I just never thought warcraft lore would make a good movie, but I prefer science fiction over medieval fantasy, so maybe I'm in the minority here.
 I wasn't surprised about it being advertised on xbox.


----------



## funnystory (Nov 7, 2015)

linkinworm said:


> Acting is bad, CGI looks crap, story is cliche, will be a terrible game based movie as always



I agree I cant see this movie succeeding. It looks cheezy compared to shall I say Lord of the Rings.


----------



## Pedeadstrian (Nov 7, 2015)

SmellyPirateMonkey said:


> Personally I'm stoked for this movie. But the trailer was a little meh for me. The trailer for Legion was more epic than the one for the movie


Well, I can think of at least a couple of reasons for that. One, you saw actual combat (with magic in it) and two, we saw characters we actually care about.


----------



## Foxi4 (Nov 7, 2015)

...can we have a Starcraft movie instead? The universe is about ten billion times more interesting.


----------



## Pedeadstrian (Nov 7, 2015)

Foxi4 said:


> ...can we have a Starcraft movie instead? The universe is about ten billion times more interesting.
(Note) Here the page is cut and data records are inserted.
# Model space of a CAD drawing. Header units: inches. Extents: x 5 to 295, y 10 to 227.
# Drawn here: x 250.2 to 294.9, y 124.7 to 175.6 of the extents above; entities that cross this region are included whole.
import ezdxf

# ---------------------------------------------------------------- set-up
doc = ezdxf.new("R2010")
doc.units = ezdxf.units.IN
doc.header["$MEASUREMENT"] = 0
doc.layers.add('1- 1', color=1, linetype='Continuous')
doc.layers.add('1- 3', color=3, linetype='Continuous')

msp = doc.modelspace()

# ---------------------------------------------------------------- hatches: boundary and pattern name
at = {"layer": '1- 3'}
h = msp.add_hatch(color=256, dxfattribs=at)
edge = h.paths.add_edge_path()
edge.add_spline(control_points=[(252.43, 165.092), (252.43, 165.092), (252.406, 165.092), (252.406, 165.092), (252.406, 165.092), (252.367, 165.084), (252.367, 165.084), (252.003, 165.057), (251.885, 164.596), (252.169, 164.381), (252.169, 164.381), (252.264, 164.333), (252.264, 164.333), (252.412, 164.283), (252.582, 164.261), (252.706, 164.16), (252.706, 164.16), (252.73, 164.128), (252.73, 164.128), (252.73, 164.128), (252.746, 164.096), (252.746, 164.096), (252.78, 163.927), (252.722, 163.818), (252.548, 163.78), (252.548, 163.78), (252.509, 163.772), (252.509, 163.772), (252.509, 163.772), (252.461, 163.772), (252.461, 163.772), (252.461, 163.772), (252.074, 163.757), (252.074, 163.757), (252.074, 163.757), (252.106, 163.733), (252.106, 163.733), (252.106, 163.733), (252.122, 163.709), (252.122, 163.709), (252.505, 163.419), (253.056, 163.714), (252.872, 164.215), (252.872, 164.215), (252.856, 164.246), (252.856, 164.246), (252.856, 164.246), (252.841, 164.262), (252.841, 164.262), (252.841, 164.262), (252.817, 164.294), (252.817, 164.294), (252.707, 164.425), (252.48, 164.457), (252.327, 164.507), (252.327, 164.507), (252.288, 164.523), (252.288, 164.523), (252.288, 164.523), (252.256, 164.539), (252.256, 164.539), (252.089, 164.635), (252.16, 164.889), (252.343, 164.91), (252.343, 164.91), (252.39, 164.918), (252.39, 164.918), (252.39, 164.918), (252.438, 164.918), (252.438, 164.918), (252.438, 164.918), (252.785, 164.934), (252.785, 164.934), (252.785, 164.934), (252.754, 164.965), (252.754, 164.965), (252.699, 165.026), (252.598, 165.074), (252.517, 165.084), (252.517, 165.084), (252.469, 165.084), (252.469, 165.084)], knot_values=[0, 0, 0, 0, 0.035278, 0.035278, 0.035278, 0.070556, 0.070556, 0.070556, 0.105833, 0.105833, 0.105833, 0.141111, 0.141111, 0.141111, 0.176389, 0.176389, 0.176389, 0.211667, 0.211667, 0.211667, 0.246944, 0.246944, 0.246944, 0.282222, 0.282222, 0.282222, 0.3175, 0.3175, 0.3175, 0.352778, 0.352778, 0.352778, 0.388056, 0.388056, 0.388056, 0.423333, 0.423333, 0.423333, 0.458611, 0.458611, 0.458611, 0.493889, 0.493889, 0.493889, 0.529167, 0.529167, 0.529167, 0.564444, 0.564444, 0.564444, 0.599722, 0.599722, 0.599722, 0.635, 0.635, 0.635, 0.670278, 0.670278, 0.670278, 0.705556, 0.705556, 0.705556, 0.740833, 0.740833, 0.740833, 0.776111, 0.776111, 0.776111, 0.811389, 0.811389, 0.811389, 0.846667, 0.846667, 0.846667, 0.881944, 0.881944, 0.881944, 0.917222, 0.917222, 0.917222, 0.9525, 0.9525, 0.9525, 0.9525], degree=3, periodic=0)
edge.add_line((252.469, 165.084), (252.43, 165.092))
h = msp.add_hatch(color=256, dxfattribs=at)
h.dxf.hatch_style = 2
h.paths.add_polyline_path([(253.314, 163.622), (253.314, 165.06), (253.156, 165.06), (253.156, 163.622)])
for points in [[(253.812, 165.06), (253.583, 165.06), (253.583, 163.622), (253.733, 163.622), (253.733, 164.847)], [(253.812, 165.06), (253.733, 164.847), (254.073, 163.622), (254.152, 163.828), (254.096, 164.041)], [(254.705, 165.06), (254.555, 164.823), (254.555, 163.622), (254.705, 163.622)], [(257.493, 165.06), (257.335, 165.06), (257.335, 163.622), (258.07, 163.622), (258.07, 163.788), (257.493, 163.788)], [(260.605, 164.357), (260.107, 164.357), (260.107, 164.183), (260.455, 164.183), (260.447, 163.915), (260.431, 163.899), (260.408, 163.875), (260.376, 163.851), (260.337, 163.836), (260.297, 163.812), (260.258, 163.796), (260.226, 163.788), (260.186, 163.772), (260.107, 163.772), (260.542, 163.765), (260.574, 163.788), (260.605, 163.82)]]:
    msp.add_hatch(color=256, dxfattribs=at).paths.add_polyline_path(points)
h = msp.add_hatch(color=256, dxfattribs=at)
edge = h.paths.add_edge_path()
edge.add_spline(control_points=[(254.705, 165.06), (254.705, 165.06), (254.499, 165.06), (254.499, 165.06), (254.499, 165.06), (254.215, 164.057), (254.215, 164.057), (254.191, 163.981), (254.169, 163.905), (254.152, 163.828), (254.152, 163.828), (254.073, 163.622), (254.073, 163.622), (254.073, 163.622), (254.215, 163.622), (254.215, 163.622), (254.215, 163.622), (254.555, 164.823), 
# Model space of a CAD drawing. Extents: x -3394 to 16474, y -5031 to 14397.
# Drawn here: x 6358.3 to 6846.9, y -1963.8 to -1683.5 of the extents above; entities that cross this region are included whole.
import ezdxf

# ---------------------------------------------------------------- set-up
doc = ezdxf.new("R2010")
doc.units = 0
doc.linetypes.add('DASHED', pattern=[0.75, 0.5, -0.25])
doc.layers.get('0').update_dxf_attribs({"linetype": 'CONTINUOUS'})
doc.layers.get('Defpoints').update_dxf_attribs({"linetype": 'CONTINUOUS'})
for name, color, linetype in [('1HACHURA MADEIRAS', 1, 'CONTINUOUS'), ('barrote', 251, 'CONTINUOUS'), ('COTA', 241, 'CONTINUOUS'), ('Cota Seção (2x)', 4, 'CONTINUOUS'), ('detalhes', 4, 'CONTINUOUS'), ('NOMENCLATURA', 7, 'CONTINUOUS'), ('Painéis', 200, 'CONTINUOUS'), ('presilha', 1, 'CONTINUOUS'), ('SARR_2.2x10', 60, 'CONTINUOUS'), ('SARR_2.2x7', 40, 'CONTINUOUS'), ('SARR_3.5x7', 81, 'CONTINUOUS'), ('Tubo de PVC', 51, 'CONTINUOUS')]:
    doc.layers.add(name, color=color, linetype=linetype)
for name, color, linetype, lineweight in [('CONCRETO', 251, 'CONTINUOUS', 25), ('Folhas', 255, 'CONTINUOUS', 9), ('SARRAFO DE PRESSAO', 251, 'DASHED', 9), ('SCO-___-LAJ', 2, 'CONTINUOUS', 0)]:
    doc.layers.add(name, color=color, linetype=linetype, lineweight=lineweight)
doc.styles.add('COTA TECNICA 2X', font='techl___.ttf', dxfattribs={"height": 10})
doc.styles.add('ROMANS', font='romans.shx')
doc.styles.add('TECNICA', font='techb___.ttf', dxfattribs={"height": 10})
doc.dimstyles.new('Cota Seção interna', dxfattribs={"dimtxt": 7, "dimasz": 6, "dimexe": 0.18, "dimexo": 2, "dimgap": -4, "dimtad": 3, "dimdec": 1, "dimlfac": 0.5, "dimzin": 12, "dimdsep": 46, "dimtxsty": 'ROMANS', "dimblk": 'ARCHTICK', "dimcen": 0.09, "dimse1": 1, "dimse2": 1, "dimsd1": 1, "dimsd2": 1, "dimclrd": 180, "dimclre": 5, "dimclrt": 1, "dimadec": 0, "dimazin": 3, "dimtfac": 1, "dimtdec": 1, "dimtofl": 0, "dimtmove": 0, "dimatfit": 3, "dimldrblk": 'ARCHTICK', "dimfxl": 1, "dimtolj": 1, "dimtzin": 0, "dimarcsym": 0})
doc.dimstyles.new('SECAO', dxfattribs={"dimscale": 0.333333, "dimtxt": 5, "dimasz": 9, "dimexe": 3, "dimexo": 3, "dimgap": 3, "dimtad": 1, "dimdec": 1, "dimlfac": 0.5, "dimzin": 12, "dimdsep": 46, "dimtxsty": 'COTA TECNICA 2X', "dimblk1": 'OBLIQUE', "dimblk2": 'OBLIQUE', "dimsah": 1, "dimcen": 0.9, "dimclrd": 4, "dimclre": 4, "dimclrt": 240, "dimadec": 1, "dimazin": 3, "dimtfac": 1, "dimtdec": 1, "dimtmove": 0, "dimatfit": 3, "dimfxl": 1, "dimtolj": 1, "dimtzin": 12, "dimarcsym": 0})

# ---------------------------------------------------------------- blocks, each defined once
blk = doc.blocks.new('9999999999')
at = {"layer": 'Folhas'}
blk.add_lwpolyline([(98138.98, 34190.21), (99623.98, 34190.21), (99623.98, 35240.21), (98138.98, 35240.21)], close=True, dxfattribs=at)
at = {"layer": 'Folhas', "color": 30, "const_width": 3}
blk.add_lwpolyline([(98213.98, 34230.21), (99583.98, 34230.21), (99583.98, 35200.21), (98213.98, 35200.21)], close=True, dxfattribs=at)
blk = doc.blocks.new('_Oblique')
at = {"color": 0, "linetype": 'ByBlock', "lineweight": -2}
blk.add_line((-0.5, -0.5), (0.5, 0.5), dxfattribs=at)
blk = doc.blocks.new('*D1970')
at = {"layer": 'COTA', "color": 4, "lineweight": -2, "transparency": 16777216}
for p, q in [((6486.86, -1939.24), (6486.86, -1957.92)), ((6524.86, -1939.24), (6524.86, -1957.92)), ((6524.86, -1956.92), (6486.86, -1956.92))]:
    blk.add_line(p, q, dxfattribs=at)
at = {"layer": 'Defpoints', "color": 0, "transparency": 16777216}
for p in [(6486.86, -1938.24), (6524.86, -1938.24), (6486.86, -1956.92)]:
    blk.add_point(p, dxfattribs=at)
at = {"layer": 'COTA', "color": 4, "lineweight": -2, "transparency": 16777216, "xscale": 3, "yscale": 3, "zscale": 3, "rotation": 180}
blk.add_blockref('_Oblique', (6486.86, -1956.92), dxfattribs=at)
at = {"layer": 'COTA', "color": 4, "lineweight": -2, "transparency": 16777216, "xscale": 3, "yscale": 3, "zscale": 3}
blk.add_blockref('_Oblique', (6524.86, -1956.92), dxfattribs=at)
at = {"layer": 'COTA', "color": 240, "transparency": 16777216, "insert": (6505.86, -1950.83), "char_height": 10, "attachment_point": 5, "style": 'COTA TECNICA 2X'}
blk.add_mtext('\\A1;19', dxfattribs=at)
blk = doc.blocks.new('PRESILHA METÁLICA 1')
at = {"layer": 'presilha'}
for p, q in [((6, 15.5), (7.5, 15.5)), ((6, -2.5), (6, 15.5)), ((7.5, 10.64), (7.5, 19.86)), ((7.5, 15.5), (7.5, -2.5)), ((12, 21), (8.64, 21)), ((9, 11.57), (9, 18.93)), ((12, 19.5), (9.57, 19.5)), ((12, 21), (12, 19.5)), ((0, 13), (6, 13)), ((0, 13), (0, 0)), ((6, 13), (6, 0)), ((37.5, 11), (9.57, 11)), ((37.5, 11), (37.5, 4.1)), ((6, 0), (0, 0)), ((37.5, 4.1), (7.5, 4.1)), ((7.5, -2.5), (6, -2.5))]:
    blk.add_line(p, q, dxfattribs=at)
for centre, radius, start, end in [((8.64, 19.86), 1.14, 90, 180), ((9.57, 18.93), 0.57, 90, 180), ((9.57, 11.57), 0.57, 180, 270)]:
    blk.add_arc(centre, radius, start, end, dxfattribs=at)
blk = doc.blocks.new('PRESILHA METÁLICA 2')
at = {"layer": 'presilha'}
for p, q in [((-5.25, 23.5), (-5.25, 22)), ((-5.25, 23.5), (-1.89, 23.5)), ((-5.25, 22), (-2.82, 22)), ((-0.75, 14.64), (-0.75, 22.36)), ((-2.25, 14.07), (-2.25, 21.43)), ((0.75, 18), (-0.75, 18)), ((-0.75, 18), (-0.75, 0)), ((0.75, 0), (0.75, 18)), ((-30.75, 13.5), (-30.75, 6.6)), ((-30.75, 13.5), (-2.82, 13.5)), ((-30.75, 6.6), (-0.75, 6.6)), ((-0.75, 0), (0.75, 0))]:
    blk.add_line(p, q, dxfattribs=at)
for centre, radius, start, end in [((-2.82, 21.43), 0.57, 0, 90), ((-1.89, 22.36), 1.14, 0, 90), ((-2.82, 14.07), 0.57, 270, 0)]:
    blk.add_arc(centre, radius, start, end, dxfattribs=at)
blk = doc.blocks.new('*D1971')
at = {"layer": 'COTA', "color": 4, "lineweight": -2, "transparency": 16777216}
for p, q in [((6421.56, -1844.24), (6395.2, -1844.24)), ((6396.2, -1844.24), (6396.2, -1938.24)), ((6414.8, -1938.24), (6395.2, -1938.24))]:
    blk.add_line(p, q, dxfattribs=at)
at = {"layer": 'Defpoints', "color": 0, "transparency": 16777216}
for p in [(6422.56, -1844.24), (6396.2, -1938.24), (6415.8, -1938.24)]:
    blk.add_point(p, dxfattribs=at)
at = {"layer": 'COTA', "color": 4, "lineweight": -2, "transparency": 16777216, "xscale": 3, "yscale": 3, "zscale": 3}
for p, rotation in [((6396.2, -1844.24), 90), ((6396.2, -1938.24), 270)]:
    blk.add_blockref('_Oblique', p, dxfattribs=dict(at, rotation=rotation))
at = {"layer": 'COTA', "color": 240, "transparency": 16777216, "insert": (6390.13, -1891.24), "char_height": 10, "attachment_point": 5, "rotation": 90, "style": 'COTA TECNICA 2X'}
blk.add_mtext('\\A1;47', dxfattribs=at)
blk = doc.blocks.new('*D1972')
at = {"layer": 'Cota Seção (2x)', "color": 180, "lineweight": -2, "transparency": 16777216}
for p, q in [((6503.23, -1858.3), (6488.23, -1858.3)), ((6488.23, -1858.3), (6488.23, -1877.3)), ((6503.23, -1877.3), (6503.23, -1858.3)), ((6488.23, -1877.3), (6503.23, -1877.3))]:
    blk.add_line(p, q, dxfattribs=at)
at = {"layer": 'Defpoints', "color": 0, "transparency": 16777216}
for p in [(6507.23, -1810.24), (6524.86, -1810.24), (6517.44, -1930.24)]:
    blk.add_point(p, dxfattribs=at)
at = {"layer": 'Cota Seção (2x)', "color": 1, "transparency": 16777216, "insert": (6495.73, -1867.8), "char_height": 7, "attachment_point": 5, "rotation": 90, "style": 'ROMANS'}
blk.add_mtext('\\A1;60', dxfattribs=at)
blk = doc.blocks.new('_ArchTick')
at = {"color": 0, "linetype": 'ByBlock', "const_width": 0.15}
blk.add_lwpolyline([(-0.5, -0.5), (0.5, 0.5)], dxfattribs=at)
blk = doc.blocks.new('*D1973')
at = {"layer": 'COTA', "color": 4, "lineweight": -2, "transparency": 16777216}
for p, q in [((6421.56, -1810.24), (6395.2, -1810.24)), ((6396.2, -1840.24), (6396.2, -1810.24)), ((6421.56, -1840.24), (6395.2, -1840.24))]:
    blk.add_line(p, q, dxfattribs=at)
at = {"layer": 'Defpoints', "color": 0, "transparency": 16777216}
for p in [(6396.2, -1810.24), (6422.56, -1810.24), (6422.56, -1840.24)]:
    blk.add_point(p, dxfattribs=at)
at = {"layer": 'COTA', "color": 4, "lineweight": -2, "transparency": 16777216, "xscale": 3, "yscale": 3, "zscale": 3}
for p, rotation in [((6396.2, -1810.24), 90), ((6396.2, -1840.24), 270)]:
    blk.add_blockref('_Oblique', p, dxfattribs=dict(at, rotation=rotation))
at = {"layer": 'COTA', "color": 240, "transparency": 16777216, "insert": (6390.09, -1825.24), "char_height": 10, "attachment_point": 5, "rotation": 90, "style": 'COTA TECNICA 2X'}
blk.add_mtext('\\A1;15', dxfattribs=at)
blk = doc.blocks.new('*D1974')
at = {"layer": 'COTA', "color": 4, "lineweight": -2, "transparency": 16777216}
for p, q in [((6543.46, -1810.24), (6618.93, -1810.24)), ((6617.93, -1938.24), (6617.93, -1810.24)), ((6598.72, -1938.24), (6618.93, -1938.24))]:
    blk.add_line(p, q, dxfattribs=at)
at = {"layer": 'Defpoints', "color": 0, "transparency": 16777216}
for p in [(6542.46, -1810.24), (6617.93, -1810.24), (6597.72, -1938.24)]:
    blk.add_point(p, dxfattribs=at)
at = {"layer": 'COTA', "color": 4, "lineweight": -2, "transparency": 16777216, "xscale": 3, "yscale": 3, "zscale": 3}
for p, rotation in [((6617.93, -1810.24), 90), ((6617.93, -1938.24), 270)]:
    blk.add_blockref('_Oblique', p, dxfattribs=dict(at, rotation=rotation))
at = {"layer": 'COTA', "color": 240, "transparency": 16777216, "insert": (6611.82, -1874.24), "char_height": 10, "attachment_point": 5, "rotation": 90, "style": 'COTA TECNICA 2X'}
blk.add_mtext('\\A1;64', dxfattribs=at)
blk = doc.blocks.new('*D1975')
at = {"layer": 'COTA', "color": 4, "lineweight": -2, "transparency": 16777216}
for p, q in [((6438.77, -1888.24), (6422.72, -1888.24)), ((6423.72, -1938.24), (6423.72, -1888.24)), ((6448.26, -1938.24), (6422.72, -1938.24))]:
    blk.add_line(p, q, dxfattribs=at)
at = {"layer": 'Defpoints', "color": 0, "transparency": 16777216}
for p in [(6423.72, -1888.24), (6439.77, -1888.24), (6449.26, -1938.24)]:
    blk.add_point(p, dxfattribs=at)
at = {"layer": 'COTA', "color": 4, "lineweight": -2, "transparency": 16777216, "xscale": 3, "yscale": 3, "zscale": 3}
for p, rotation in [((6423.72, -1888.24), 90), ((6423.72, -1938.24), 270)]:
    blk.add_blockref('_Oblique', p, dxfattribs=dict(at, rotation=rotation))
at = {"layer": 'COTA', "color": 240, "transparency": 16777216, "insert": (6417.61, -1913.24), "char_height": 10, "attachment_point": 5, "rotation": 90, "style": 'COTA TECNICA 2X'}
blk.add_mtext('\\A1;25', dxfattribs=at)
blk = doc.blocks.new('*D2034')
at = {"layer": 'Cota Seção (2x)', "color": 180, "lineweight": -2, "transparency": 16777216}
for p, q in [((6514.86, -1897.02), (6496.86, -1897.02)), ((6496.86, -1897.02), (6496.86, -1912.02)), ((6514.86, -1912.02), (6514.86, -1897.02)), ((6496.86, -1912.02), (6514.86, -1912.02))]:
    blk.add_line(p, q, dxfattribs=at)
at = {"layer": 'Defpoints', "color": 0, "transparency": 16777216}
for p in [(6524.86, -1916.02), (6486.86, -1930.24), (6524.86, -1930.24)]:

If this movie does well, sure. If it tanks, don't count on it.


----------



## AsPika2219 (Nov 8, 2015)

Wow! From PC version into MOVIE version! Nice epic battles! 
I hope will better likes Lord of the Ring or other movie!
Until then, how about WARLORD BATTLECRY movie? Think about it...


----------



## The Catboy (Nov 8, 2015)

Ib4itsucks


----------



## CIAwesome526 (Nov 9, 2015)

Foxi4 said:


> ...can we have a Starcraft movie instead? The universe is about ten billion times more interesting.


I am more into warcraft lore, but I agree that a starcraft movie would probably be better.


----------



## Xzi (Nov 10, 2015)

It does look bad.  Go full live-action or full CGI.  When you have actors and worlds from each, the contrast becomes too clear.  Especially with the over-the-top look of Warcraft.

That said, it's got Ragnar, so I'm obligated to see it.  Me and all the other discerning nerds are probably feeling conflicted like the Simpsons comic book guy.


----------